И все же именно англичанину — да еще такому веселому и жизнерадостному, как Хорас Уолпол, [294] — суждено было придать растущей тенденции определенную форму и стать фактическим основоположником литературного жанра романа ужасов. По-дилетантски влюбленный в средневековую романтику и мистику, обитатель выстроенного в псевдоготическом стиле замка Уолпол в 1764 году опубликовал роман «Замок Отранто», довольно посредственную и неубедительную вещь, которой тем не менее довелось оказать почти беспрецедентное влияние на литературу ужасов. Поначалу благоразумно выдав ее за перевод произведения мифического «Онуфрио Муральто», выполненный с итальянского оригинала неким «Уильямом Маршалом, дворянином», Уолпол вскоре признался в авторстве и вкусил плоды широкой и стремительно набиравшей силу популярности своего детища, вылившейся во множество переизданий, инсценировок и огромную волну подражаний как в Англии, так и в Германии.
294
Уолпол, Хорас (1717–1797) — английский писатель и драматург, получивший известность как автор готического романа «Замок Отранто» (1764) и трагедии «Таинственная мать» (1768).

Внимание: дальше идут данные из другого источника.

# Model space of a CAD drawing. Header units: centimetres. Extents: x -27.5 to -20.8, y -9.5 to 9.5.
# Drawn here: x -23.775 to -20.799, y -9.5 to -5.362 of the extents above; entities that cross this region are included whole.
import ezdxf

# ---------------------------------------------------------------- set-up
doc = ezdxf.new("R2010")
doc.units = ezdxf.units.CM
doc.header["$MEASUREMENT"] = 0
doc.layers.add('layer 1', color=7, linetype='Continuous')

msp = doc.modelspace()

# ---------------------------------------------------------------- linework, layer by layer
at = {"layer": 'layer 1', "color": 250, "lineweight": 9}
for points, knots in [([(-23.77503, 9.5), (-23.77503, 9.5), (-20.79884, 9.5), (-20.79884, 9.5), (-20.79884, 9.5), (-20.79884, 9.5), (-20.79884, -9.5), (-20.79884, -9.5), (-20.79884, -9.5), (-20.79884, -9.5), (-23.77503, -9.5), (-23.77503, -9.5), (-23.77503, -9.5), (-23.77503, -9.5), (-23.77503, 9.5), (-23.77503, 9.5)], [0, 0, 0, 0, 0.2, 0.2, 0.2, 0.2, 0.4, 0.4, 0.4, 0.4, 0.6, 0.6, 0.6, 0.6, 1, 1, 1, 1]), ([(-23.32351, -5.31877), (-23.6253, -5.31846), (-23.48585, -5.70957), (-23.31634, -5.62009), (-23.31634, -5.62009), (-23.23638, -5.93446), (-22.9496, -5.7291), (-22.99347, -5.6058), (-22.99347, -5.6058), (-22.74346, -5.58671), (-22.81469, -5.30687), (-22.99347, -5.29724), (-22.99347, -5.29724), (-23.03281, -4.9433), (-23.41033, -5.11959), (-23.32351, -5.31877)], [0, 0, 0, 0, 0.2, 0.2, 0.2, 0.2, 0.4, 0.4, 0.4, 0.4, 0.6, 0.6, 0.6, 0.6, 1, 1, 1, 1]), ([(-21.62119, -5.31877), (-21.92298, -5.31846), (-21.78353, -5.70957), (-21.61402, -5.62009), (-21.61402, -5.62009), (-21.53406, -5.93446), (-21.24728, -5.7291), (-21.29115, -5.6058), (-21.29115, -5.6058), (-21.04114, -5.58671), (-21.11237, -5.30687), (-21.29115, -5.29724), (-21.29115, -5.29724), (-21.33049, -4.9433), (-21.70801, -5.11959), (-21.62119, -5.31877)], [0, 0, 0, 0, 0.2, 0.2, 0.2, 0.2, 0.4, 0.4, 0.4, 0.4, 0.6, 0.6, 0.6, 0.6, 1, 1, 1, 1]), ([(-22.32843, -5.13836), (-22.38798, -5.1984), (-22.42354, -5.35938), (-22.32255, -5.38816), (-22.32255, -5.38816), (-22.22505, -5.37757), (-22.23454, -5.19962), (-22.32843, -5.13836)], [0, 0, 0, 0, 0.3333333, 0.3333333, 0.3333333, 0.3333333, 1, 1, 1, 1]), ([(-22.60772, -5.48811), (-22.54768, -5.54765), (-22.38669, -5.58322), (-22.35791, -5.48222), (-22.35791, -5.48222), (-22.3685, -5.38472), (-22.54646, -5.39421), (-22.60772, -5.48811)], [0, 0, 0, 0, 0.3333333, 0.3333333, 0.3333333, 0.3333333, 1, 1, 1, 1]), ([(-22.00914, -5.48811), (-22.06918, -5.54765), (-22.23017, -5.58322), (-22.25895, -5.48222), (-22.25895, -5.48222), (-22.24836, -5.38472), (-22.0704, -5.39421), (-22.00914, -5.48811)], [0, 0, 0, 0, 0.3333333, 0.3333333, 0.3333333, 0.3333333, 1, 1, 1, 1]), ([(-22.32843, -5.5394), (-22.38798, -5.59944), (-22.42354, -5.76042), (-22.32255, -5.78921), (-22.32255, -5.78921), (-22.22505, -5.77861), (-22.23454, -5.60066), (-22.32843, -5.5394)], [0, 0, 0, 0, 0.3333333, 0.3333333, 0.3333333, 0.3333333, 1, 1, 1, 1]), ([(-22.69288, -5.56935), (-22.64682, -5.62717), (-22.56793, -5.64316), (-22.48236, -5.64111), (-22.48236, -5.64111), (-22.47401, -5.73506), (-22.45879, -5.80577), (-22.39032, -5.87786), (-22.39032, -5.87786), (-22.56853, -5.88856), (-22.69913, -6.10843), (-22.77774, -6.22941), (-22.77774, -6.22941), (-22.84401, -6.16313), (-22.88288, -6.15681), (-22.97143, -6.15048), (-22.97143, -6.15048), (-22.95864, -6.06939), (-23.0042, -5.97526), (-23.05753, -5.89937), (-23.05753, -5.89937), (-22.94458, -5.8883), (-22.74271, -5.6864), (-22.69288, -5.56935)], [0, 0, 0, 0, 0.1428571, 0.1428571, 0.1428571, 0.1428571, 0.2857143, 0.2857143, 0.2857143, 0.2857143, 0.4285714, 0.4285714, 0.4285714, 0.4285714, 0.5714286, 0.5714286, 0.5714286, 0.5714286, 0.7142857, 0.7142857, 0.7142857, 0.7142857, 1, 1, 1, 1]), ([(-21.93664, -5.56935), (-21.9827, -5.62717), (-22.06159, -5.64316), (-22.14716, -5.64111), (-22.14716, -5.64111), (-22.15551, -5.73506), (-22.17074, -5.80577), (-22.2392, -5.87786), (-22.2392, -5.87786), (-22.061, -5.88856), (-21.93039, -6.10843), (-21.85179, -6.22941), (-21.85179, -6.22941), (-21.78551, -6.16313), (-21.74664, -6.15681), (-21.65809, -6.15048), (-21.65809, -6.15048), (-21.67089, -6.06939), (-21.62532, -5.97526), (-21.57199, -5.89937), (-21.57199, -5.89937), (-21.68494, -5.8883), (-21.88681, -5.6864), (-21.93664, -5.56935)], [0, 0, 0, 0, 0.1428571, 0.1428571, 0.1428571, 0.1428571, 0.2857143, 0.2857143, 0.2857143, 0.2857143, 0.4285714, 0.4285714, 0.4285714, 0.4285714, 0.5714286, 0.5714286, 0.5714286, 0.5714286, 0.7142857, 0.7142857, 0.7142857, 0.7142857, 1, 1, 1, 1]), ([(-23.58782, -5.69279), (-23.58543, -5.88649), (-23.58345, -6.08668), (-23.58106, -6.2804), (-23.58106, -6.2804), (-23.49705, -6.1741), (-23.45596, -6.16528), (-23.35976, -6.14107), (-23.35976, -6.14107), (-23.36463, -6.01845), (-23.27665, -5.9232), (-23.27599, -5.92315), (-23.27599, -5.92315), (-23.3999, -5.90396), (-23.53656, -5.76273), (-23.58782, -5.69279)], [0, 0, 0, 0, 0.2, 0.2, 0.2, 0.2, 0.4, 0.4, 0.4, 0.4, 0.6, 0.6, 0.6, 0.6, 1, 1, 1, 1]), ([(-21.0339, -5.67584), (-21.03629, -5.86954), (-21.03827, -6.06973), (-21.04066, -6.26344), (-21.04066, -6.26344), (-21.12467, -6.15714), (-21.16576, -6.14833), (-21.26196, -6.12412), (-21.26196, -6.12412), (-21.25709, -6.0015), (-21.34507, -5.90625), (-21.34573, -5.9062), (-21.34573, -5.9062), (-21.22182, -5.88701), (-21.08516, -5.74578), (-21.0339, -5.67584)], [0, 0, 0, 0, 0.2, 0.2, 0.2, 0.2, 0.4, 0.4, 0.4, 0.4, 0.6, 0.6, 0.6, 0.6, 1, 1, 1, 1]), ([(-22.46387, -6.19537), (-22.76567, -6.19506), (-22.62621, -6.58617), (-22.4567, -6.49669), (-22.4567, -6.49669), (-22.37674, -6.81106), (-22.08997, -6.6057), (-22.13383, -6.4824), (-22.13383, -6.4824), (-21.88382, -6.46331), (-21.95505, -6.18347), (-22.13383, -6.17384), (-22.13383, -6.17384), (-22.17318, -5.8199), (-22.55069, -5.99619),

Наряду с рыхлым, искусственным и претенциозным сюжетом основным недостатком данного произведения является его светский и будничный тон, не позволяющий автору создать настоящую атмосферу ужаса. Роман повествует о некоем Манфреде, вероломном узурпаторе, вознамерившемся стать основателем династии, с каковой целью — после загадочной гибели своего единственного сына и наследника Конрада — он пытается избавиться от законной супруги Ипполиты и обвенчаться с суженой несчастного юноши, который, между прочим, был раздавлен в день своей свадьбы гигантским шлемом, сверхъестественным образом упавшим во двор замка. Потерявшая жениха Изабелла скрывается от козней Манфреда в подземельях замка и там встречает благородного юношу по имени Теодор, одетого в крестьянское платье, но лицом неуловимо схожего со старым лордом Альфонсо, владевшим имением до Манфреда. Вскоре после того в замке начинает твориться всяческая чертовщина, включая появление в самых различных местах гигантских доспехов, выходящий из рамы портрет, удар молнии, разрушающий здание, и, наконец, огромный призрак Альфонсо, восстающий из руин в полном рыцарском облачении и через расступившиеся облака возносящийся на небо. Тем временем Теодор сватается к дочери Манфреда Матильде и тут же теряет ее (по ошибке убитую собственным отцом), после чего выясняется, что Теодор — это сын Альфонсо и, соответственно, законный наследник замка и окрестных владений. История заканчивается его женитьбой на Изабелле и перспективой счастливой жизни до глубокой старости, а коварный Манфред, непомерные амбиции которого послужили причиной как таинственной гибели его сына, так и пережитых им самим потусторонних ужасов, удаляется в монастырь для покаяния, в то время как его убитая горем супруга находит приют в женском монастыре по соседству.